A recent paper by the Washington Center for Equitable Growth detailed the impact of race and incarceration on economic well-being. One indicator of that was that the average FICO score for Black people who had been incarcerated was 200-plus points lower than that of white people who had never been incarcerated. “The credit scoring system is old and needs to be reformed for everybody,” Hodge says. “It is extremely damaging to certain populations.”
Hodge’s own experience became the impetus for founding R3 Score, which offers an alternative to traditional background checks that adds more context and nuance to people’s histories. She’s also the president of Mission: Launch, an organization helping formerly incarcerated people reach financial stability. Hodge believes that we overuse background checks and credit reports. “The information is static. People are dynamic, and it does not give people a pathway to opportunity,” she says.
Though she felt that entrepreneurship was a better path to attempt than applying to jobs that would dismiss her out of hand, it’s difficult to get a business off the ground when you don’t have access to credit lines and growth capital. “I started it with my own money,” Hodge says. “I probably worked, for the last four years, 15 hours a day. I was never able to secure a line of credit for the business, and that's because I’ve never been able to get to that level of stability just yet. Probably 2020 was the first time that I felt like I was going to be able to exhale, and then COVID happened.”

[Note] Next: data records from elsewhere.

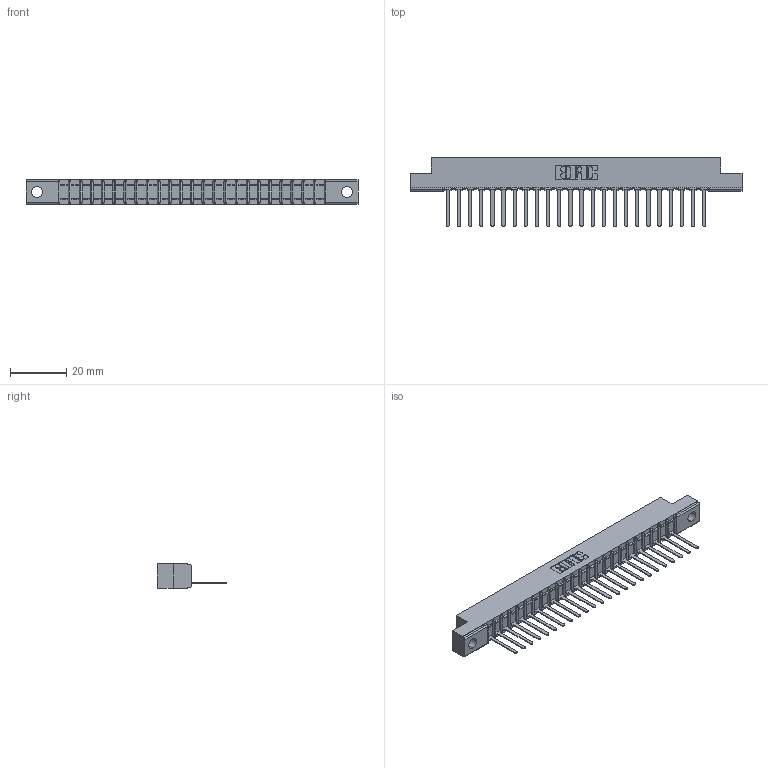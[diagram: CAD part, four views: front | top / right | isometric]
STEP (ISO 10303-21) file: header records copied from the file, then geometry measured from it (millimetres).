
FILE_DESCRIPTION (( 'STEP AP203' ), '1' );
FILE_NAME ('307-024-541-102.STEP', '2019-09-05T00:59:37', ( '' ), ( '' ), 'SwSTEP 2.0', 'SolidWorks 2016', '' );
FILE_SCHEMA (( 'CONFIG_CONTROL_DESIGN' ));
Length unit declared in the file: inch
Products named in the file (3): 307-024-541-102; 307-290-002_541; 307 Part_.128 Dia Mounting Holes
Assembly tree (25 placements, depth 2):
  307-024-541-102
    307 Part_.128 Dia Mounting Holes
    307-290-002_541  x24
Bounding box: 118.11 x 24.59 x 8.71 mm (x, y, z)
Volume: 7778.3 mm3; surface area: 14515.8 mm2
Topology: 25 solids, 25 shells, 1919 faces, 5891 edges, 3858 vertices
Faces by surface type: plane 1150, cylinder 719, sphere 50
Entity records: 23514 total; most frequent: CARTESIAN_POINT 3964, ORIENTED_EDGE 3954, DIRECTION 3859, EDGE_CURVE 1977, VECTOR 1505, LINE 1505, VERTEX_POINT 1282, AXIS2_PLACEMENT_3D 1177

“I used to own a home, you know? I still have not gotten back to where I was. It depends on your starting point — your point of contact with the legal system determines [whether] you get back to that place,” she says. “I was more middle-class, very stable, [and] could live on my own. [But] I don't have that same level of stability even today, 10 years later. And if I really had to guess, it'll probably be 12 years from the time of leaving prison that I will have my life back on track, and maybe be able to do a comparison of what was and what is.”
“Our credit system is a game, in a sense, that we all have to play — to participate in.” But she says that it’s a broken game. “If you don’t have the means, the resources, the money, you can't gamify the system. You can’t play it.”